Start of Provided material

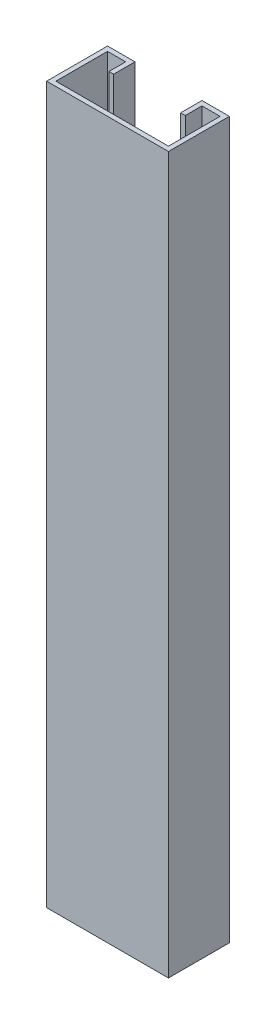
ISO-10303-21;
HEADER;
FILE_DESCRIPTION(('STEP AP214'),'2;1');
FILE_NAME('part.step','',(''),(''),'','','');
FILE_SCHEMA(('AUTOMOTIVE_DESIGN { 1 0 10303 214 1 1 1 1 }'));
ENDSEC;
DATA;
#1=APPLICATION_CONTEXT('core data for automotive mechanical design processes');
#2=APPLICATION_PROTOCOL_DEFINITION('international standard','automotive_design',2000,#1);
#3=PRODUCT_CONTEXT('',#1,'mechanical');
#4=PRODUCT('Part','Part','',(#3));
#5=PRODUCT_RELATED_PRODUCT_CATEGORY('part','',(#4));
#6=PRODUCT_DEFINITION_FORMATION('','',#4);
#7=PRODUCT_DEFINITION_CONTEXT('part definition',#1,'design');
#8=PRODUCT_DEFINITION('design','',#6,#7);
#9=PRODUCT_DEFINITION_SHAPE('','',#8);
#10=(LENGTH_UNIT() NAMED_UNIT(*) SI_UNIT(.MILLI.,.METRE.));
#11=(NAMED_UNIT(*) PLANE_ANGLE_UNIT() SI_UNIT($,.RADIAN.));
#12=(NAMED_UNIT(*) SI_UNIT($,.STERADIAN.) SOLID_ANGLE_UNIT());
#13=UNCERTAINTY_MEASURE_WITH_UNIT(LENGTH_MEASURE(1.E-05),#10,'distance_accuracy_value','');
#14=(GEOMETRIC_REPRESENTATION_CONTEXT(3) GLOBAL_UNCERTAINTY_ASSIGNED_CONTEXT((#13)) GLOBAL_UNIT_ASSIGNED_CONTEXT((#10,
#11,#12)) REPRESENTATION_CONTEXT('',''));
#15=CARTESIAN_POINT('',(0.,0.,0.));
#16=DIRECTION('',(0.,0.,1.));
#17=DIRECTION('',(1.,0.,0.));
#18=AXIS2_PLACEMENT_3D('',#15,#16,#17);
#19=CARTESIAN_POINT('',(-1.52,235.,0.));
#20=DIRECTION('',(0.,0.,-1.));
#21=DIRECTION('',(-1.,0.,0.));
#22=AXIS2_PLACEMENT_3D('',#19,#20,#21);
#23=PLANE('',#22);
#24=DIRECTION('',(1.,0.,0.));
#25=VECTOR('',#24,1.);
#26=CARTESIAN_POINT('',(-1.52,0.,0.));
#27=LINE('',#26,#25);
#28=CARTESIAN_POINT('',(-1.52,0.,0.));
#29=VERTEX_POINT('',#28);
#30=CARTESIAN_POINT('',(0.,0.,0.));
#31=VERTEX_POINT('',#30);
#32=EDGE_CURVE('E179',#29,#31,#27,.T.);
#33=ORIENTED_EDGE('',*,*,#32,.T.);
#34=DIRECTION('',(0.,-1.,0.));
#35=VECTOR('',#34,1.);
#36=CARTESIAN_POINT('',(0.,235.,0.));
#37=LINE('',#36,#35);
#38=CARTESIAN_POINT('',(0.,235.,0.));
#39=VERTEX_POINT('',#38);
#40=EDGE_CURVE('E11',#39,#31,#37,.T.);
#41=ORIENTED_EDGE('',*,*,#40,.F.);
#42=DIRECTION('',(1.,0.,0.));
#43=VECTOR('',#42,1.);
#44=CARTESIAN_POINT('',(-1.52,235.,0.));
#45=LINE('',#44,#43);
#46=CARTESIAN_POINT('',(-1.52,235.,0.));
#47=VERTEX_POINT('',#46);
#48=EDGE_CURVE('E209',#47,#39,#45,.T.);
#49=ORIENTED_EDGE('',*,*,#48,.F.);
#50=DIRECTION('',(0.,-1.,0.));
#51=VECTOR('',#50,1.);
#52=CARTESIAN_POINT('',(-1.52,235.,0.));
#53=LINE('',#52,#51);
#54=EDGE_CURVE('E175',#47,#29,#53,.T.);
#55=ORIENTED_EDGE('',*,*,#54,.T.);
#56=EDGE_LOOP('',(#33,#41,#49,#55));
#57=FACE_BOUND('',#56,.T.);
#58=ADVANCED_FACE('F35',(#57),#23,.F.);
#59=CARTESIAN_POINT('',(0.,235.,0.));
#60=DIRECTION('',(-1.,0.,0.));
#61=DIRECTION('',(0.,0.,1.));
#62=AXIS2_PLACEMENT_3D('',#59,#60,#61);
#63=PLANE('',#62);
#64=DIRECTION('',(0.,0.,-1.));
#65=VECTOR('',#64,1.);
#66=CARTESIAN_POINT('',(0.,0.,0.));
#67=LINE('',#66,#65);
#68=CARTESIAN_POINT('',(0.,0.,-7.));
#69=VERTEX_POINT('',#68);
#70=EDGE_CURVE('E182',#31,#69,#67,.T.);
#71=ORIENTED_EDGE('',*,*,#70,.T.);
#72=DIRECTION('',(0.,-1.,0.));
#73=VECTOR('',#72,1.);
#74=CARTESIAN_POINT('',(0.,235.,-7.));
#75=LINE('',#74,#73);
#76=CARTESIAN_POINT('',(0.,235.,-7.));
#77=VERTEX_POINT('',#76);
#78=EDGE_CURVE('E43',#77,#69,#75,.T.);
#79=ORIENTED_EDGE('',*,*,#78,.F.);
#80=DIRECTION('',(0.,0.,-1.));
#81=VECTOR('',#80,1.);
#82=CARTESIAN_POINT('',(0.,235.,0.));
#83=LINE('',#82,#81);
#84=EDGE_CURVE('E118',#39,#77,#83,.T.);
#85=ORIENTED_EDGE('',*,*,#84,.F.);
#86=ORIENTED_EDGE('',*,*,#40,.T.);
#87=EDGE_LOOP('',(#71,#79,#85,#86));
#88=FACE_BOUND('',#87,.T.);
#89=ADVANCED_FACE('F307',(#88),#63,.F.);
#90=CARTESIAN_POINT('',(0.,235.,-7.));
#91=DIRECTION('',(0.,0.,1.));
#92=DIRECTION('',(1.,0.,0.));
#93=AXIS2_PLACEMENT_3D('',#90,#91,#92);
#94=PLANE('',#93);
#95=DIRECTION('',(-1.,0.,0.));
#96=VECTOR('',#95,1.);
#97=CARTESIAN_POINT('',(0.,0.,-7.));
#98=LINE('',#97,#96);
#99=CARTESIAN_POINT('',(-9.,0.,-7.));
#100=VERTEX_POINT('',#99);
#101=EDGE_CURVE('E184',#69,#100,#98,.T.);
#102=ORIENTED_EDGE('',*,*,#101,.T.);
#103=DIRECTION('',(0.,-1.,0.));
#104=VECTOR('',#103,1.);
#105=CARTESIAN_POINT('',(-9.,235.,-7.));
#106=LINE('',#105,#104);
#107=CARTESIAN_POINT('',(-9.,235.,-7.));
#108=VERTEX_POINT('',#107);
#109=EDGE_CURVE('E240',#108,#100,#106,.T.);
#110=ORIENTED_EDGE('',*,*,#109,.F.);
#111=DIRECTION('',(-1.,0.,0.));
#112=VECTOR('',#111,1.);
#113=CARTESIAN_POINT('',(0.,235.,-7.));
#114=LINE('',#113,#112);
#115=EDGE_CURVE('E248',#77,#108,#114,.T.);
#116=ORIENTED_EDGE('',*,*,#115,.F.);
#117=ORIENTED_EDGE('',*,*,#78,.T.);
#118=EDGE_LOOP('',(#102,#110,#116,#117));
#119=FACE_BOUND('',#118,.T.);
#120=ADVANCED_FACE('F246',(#119),#94,.F.);
#121=CARTESIAN_POINT('',(-9.,235.,-7.));
#122=DIRECTION('',(1.,0.,0.));
#123=DIRECTION('',(0.,0.,-1.));
#124=AXIS2_PLACEMENT_3D('',#121,#122,#123);
#125=PLANE('',#124);
#126=DIRECTION('',(0.,0.,1.));
#127=VECTOR('',#126,1.);
#128=CARTESIAN_POINT('',(-9.,0.,-7.));
#129=LINE('',#128,#127);
#130=CARTESIAN_POINT('',(-9.,0.,13.));
#131=VERTEX_POINT('',#130);
#132=EDGE_CURVE('E186',#100,#131,#129,.T.);
#133=ORIENTED_EDGE('',*,*,#132,.T.);
#134=DIRECTION('',(0.,-1.,0.));
#135=VECTOR('',#134,1.);
#136=CARTESIAN_POINT('',(-9.,235.,13.));
#137=LINE('',#136,#135);
#138=CARTESIAN_POINT('',(-9.,235.,13.));
#139=VERTEX_POINT('',#138);
#140=EDGE_CURVE('E237',#139,#131,#137,.T.);
#141=ORIENTED_EDGE('',*,*,#140,.F.);
#142=DIRECTION('',(0.,0.,1.));
#143=VECTOR('',#142,1.);
#144=CARTESIAN_POINT('',(-9.,235.,-7.));
#145=LINE('',#144,#143);
#146=EDGE_CURVE('E266',#108,#139,#145,.T.);
#147=ORIENTED_EDGE('',*,*,#146,.F.);
#148=ORIENTED_EDGE('',*,*,#109,.T.);
#149=EDGE_LOOP('',(#133,#141,#147,#148));
#150=FACE_BOUND('',#149,.T.);
#151=ADVANCED_FACE('F257',(#150),#125,.F.);
#152=CARTESIAN_POINT('',(-9.,235.,13.));
#153=DIRECTION('',(0.,0.,-1.));
#154=DIRECTION('',(-1.,0.,0.));
#155=AXIS2_PLACEMENT_3D('',#152,#153,#154);
#156=PLANE('',#155);
#157=DIRECTION('',(1.,0.,0.));
#158=VECTOR('',#157,1.);
#159=CARTESIAN_POINT('',(-9.,0.,13.));
#160=LINE('',#159,#158);
#161=CARTESIAN_POINT('',(31.,0.,13.));
#162=VERTEX_POINT('',#161);
#163=EDGE_CURVE('E188',#131,#162,#160,.T.);
#164=ORIENTED_EDGE('',*,*,#163,.T.);
#165=DIRECTION('',(0.,-1.,0.));
#166=VECTOR('',#165,1.);
#167=CARTESIAN_POINT('',(31.,235.,13.));
#168=LINE('',#167,#166);
#169=CARTESIAN_POINT('',(31.,235.,13.));
#170=VERTEX_POINT('',#169);
#171=EDGE_CURVE('E234',#170,#162,#168,.T.);
#172=ORIENTED_EDGE('',*,*,#171,.F.);
#173=DIRECTION('',(1.,0.,0.));
#174=VECTOR('',#173,1.);
#175=CARTESIAN_POINT('',(-9.,235.,13.));
#176=LINE('',#175,#174);
#177=EDGE_CURVE('E263',#139,#170,#176,.T.);
#178=ORIENTED_EDGE('',*,*,#177,.F.);
#179=ORIENTED_EDGE('',*,*,#140,.T.);
#180=EDGE_LOOP('',(#164,#172,#178,#179));
#181=FACE_BOUND('',#180,.T.);
#182=ADVANCED_FACE('F261',(#181),#156,.F.);
#183=CARTESIAN_POINT('',(31.,235.,13.));
#184=DIRECTION('',(-1.,0.,0.));
#185=DIRECTION('',(0.,0.,1.));
#186=AXIS2_PLACEMENT_3D('',#183,#184,#185);
#187=PLANE('',#186);
#188=DIRECTION('',(0.,0.,-1.));
#189=VECTOR('',#188,1.);
#190=CARTESIAN_POINT('',(31.,0.,13.));
#191=LINE('',#190,#189);
#192=CARTESIAN_POINT('',(31.,0.,-7.));
#193=VERTEX_POINT('',#192);
#194=EDGE_CURVE('E190',#162,#193,#191,.T.);
#195=ORIENTED_EDGE('',*,*,#194,.T.);
#196=DIRECTION('',(0.,-1.,0.));
#197=VECTOR('',#196,1.);
#198=CARTESIAN_POINT('',(31.,235.,-7.));
#199=LINE('',#198,#197);
#200=CARTESIAN_POINT('',(31.,235.,-7.));
#201=VERTEX_POINT('',#200);
#202=EDGE_CURVE('E231',#201,#193,#199,.T.);
#203=ORIENTED_EDGE('',*,*,#202,.F.);
#204=DIRECTION('',(0.,0.,-1.));
#205=VECTOR('',#204,1.);
#206=CARTESIAN_POINT('',(31.,235.,13.));
#207=LINE('',#206,#205);
#208=EDGE_CURVE('E265',#170,#201,#207,.T.);
#209=ORIENTED_EDGE('',*,*,#208,.F.);
#210=ORIENTED_EDGE('',*,*,#171,.T.);
#211=EDGE_LOOP('',(#195,#203,#209,#210));
#212=FACE_BOUND('',#211,.T.);
#213=ADVANCED_FACE('F320',(#212),#187,.F.);
#214=CARTESIAN_POINT('',(31.,235.,-7.));
#215=DIRECTION('',(0.,0.,1.));
#216=DIRECTION('',(1.,0.,0.));
#217=AXIS2_PLACEMENT_3D('',#214,#215,#216);
#218=PLANE('',#217);
#219=DIRECTION('',(-1.,0.,0.));
#220=VECTOR('',#219,1.);
#221=CARTESIAN_POINT('',(31.,0.,-7.));
#222=LINE('',#221,#220);
#223=CARTESIAN_POINT('',(22.,0.,-7.));
#224=VERTEX_POINT('',#223);
#225=EDGE_CURVE('E192',#193,#224,#222,.T.);
#226=ORIENTED_EDGE('',*,*,#225,.T.);
#227=DIRECTION('',(0.,-1.,0.));
#228=VECTOR('',#227,1.);
#229=CARTESIAN_POINT('',(22.,235.,-7.));
#230=LINE('',#229,#228);
#231=CARTESIAN_POINT('',(22.,235.,-7.));
#232=VERTEX_POINT('',#231);
#233=EDGE_CURVE('E228',#232,#224,#230,.T.);
#234=ORIENTED_EDGE('',*,*,#233,.F.);
#235=DIRECTION('',(-1.,0.,0.));
#236=VECTOR('',#235,1.);
#237=CARTESIAN_POINT('',(31.,235.,-7.));
#238=LINE('',#237,#236);
#239=EDGE_CURVE('E268',#201,#232,#238,.T.);
#240=ORIENTED_EDGE('',*,*,#239,.F.);
#241=ORIENTED_EDGE('',*,*,#202,.T.);
#242=EDGE_LOOP('',(#226,#234,#240,#241));
#243=FACE_BOUND('',#242,.T.);
#244=ADVANCED_FACE('F323',(#243),#218,.F.);
#245=CARTESIAN_POINT('',(22.,235.,-7.));
#246=DIRECTION('',(1.,0.,0.));
#247=DIRECTION('',(0.,0.,-1.));
#248=AXIS2_PLACEMENT_3D('',#245,#246,#247);
#249=PLANE('',#248);
#250=DIRECTION('',(0.,0.,1.));
#251=VECTOR('',#250,1.);
#252=CARTESIAN_POINT('',(22.,0.,-7.));
#253=LINE('',#252,#251);
#254=CARTESIAN_POINT('',(22.,0.,0.));
#255=VERTEX_POINT('',#254);
#256=EDGE_CURVE('E194',#224,#255,#253,.T.);
#257=ORIENTED_EDGE('',*,*,#256,.T.);
#258=DIRECTION('',(0.,-1.,0.));
#259=VECTOR('',#258,1.);
#260=CARTESIAN_POINT('',(22.,235.,0.));
#261=LINE('',#260,#259);
#262=CARTESIAN_POINT('',(22.,235.,0.));
#263=VERTEX_POINT('',#262);
#264=EDGE_CURVE('E225',#263,#255,#261,.T.);
#265=ORIENTED_EDGE('',*,*,#264,.F.);
#266=DIRECTION('',(0.,0.,1.));
#267=VECTOR('',#266,1.);
#268=CARTESIAN_POINT('',(22.,235.,-7.));
#269=LINE('',#268,#267);
#270=EDGE_CURVE('E274',#232,#263,#269,.T.);
#271=ORIENTED_EDGE('',*,*,#270,.F.);
#272=ORIENTED_EDGE('',*,*,#233,.T.);
#273=EDGE_LOOP('',(#257,#265,#271,#272));
#274=FACE_BOUND('',#273,.T.);
#275=ADVANCED_FACE('F327',(#274),#249,.F.);
#276=CARTESIAN_POINT('',(22.,235.,0.));
#277=DIRECTION('',(0.,0.,-1.));
#278=DIRECTION('',(-1.,0.,0.));
#279=AXIS2_PLACEMENT_3D('',#276,#277,#278);
#280=PLANE('',#279);
#281=DIRECTION('',(1.,0.,0.));
#282=VECTOR('',#281,1.);
#283=CARTESIAN_POINT('',(22.,0.,0.));
#284=LINE('',#283,#282);
#285=CARTESIAN_POINT('',(23.52,0.,0.));
#286=VERTEX_POINT('',#285);
#287=EDGE_CURVE('E196',#255,#286,#284,.T.);
#288=ORIENTED_EDGE('',*,*,#287,.T.);
#289=DIRECTION('',(0.,-1.,0.));
#290=VECTOR('',#289,1.);
#291=CARTESIAN_POINT('',(23.52,235.,0.));
#292=LINE('',#291,#290);
#293=CARTESIAN_POINT('',(23.52,235.,0.));
#294=VERTEX_POINT('',#293);
#295=EDGE_CURVE('E222',#294,#286,#292,.T.);
#296=ORIENTED_EDGE('',*,*,#295,.F.);
#297=DIRECTION('',(1.,0.,0.));
#298=VECTOR('',#297,1.);
#299=CARTESIAN_POINT('',(22.,235.,0.));
#300=LINE('',#299,#298);
#301=EDGE_CURVE('E276',#263,#294,#300,.T.);
#302=ORIENTED_EDGE('',*,*,#301,.F.);
#303=ORIENTED_EDGE('',*,*,#264,.T.);
#304=EDGE_LOOP('',(#288,#296,#302,#303));
#305=FACE_BOUND('',#304,.T.);
#306=ADVANCED_FACE('F331',(#305),#280,.F.);
#307=CARTESIAN_POINT('',(23.52,235.,-5.48));
#308=DIRECTION('',(-1.,0.,0.));
#309=DIRECTION('',(0.,0.,1.));
#310=AXIS2_PLACEMENT_3D('',#307,#308,#309);
#311=PLANE('',#310);
#312=DIRECTION('',(0.,0.,-1.));
#313=VECTOR('',#312,1.);
#314=CARTESIAN_POINT('',(23.52,0.,-5.48));
#315=LINE('',#314,#313);
#316=CARTESIAN_POINT('',(23.52,0.,-5.48));
#317=VERTEX_POINT('',#316);
#318=EDGE_CURVE('E198',#286,#317,#315,.T.);
#319=ORIENTED_EDGE('',*,*,#318,.T.);
#320=DIRECTION('',(0.,-1.,0.));
#321=VECTOR('',#320,1.);
#322=CARTESIAN_POINT('',(23.52,235.,-5.48));
#323=LINE('',#322,#321);
#324=CARTESIAN_POINT('',(23.52,235.,-5.48));
#325=VERTEX_POINT('',#324);
#326=EDGE_CURVE('E219',#325,#317,#323,.T.);
#327=ORIENTED_EDGE('',*,*,#326,.F.);
#328=DIRECTION('',(0.,0.,-1.));
#329=VECTOR('',#328,1.);
#330=CARTESIAN_POINT('',(23.52,235.,-5.48));
#331=LINE('',#330,#329);
#332=EDGE_CURVE('E278',#294,#325,#331,.T.);
#333=ORIENTED_EDGE('',*,*,#332,.F.);
#334=ORIENTED_EDGE('',*,*,#295,.T.);
#335=EDGE_LOOP('',(#319,#327,#333,#334));
#336=FACE_BOUND('',#335,.T.);
#337=ADVANCED_FACE('F335',(#336),#311,.F.);
#338=CARTESIAN_POINT('',(29.48,235.,-5.48));
#339=DIRECTION('',(0.,0.,-1.));
#340=DIRECTION('',(-1.,0.,0.));
#341=AXIS2_PLACEMENT_3D('',#338,#339,#340);
#342=PLANE('',#341);
#343=DIRECTION('',(1.,0.,0.));
#344=VECTOR('',#343,1.);
#345=CARTESIAN_POINT('',(29.48,0.,-5.48));
#346=LINE('',#345,#344);
#347=CARTESIAN_POINT('',(29.48,0.,-5.48));
#348=VERTEX_POINT('',#347);
#349=EDGE_CURVE('E200',#317,#348,#346,.T.);
#350=ORIENTED_EDGE('',*,*,#349,.T.);
#351=DIRECTION('',(0.,-1.,0.));
#352=VECTOR('',#351,1.);
#353=CARTESIAN_POINT('',(29.48,235.,-5.48));
#354=LINE('',#353,#352);
#355=CARTESIAN_POINT('',(29.48,235.,-5.48));
#356=VERTEX_POINT('',#355);
#357=EDGE_CURVE('E216',#356,#348,#354,.T.);
#358=ORIENTED_EDGE('',*,*,#357,.F.);
#359=DIRECTION('',(1.,0.,0.));
#360=VECTOR('',#359,1.);
#361=CARTESIAN_POINT('',(29.48,235.,-5.48));
#362=LINE('',#361,#360);
#363=EDGE_CURVE('E280',#325,#356,#362,.T.);
#364=ORIENTED_EDGE('',*,*,#363,.F.);
#365=ORIENTED_EDGE('',*,*,#326,.T.);
#366=EDGE_LOOP('',(#350,#358,#364,#365));
#367=FACE_BOUND('',#366,.T.);
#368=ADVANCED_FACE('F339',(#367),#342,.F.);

End of Provided material

Starting at the line that contains "#132=EDGE_CURVE('E186',#100,#131,#129,.T.);" and stopping after the line that contains "#154=DIRECTION('',(-1.,0.,0.));", write out every line exactly as it appears above, and no other line.

#132=EDGE_CURVE('E186',#100,#131,#129,.T.);
#133=ORIENTED_EDGE('',*,*,#132,.T.);
#134=DIRECTION('',(0.,-1.,0.));
#135=VECTOR('',#134,1.);
#136=CARTESIAN_POINT('',(-9.,235.,13.));
#137=LINE('',#136,#135);
#138=CARTESIAN_POINT('',(-9.,235.,13.));
#139=VERTEX_POINT('',#138);
#140=EDGE_CURVE('E237',#139,#131,#137,.T.);
#141=ORIENTED_EDGE('',*,*,#140,.F.);
#142=DIRECTION('',(0.,0.,1.));
#143=VECTOR('',#142,1.);
#144=CARTESIAN_POINT('',(-9.,235.,-7.));
#145=LINE('',#144,#143);
#146=EDGE_CURVE('E266',#108,#139,#145,.T.);
#147=ORIENTED_EDGE('',*,*,#146,.F.);
#148=ORIENTED_EDGE('',*,*,#109,.T.);
#149=EDGE_LOOP('',(#133,#141,#147,#148));
#150=FACE_BOUND('',#149,.T.);
#151=ADVANCED_FACE('F257',(#150),#125,.F.);
#152=CARTESIAN_POINT('',(-9.,235.,13.));
#153=DIRECTION('',(0.,0.,-1.));
#154=DIRECTION('',(-1.,0.,0.));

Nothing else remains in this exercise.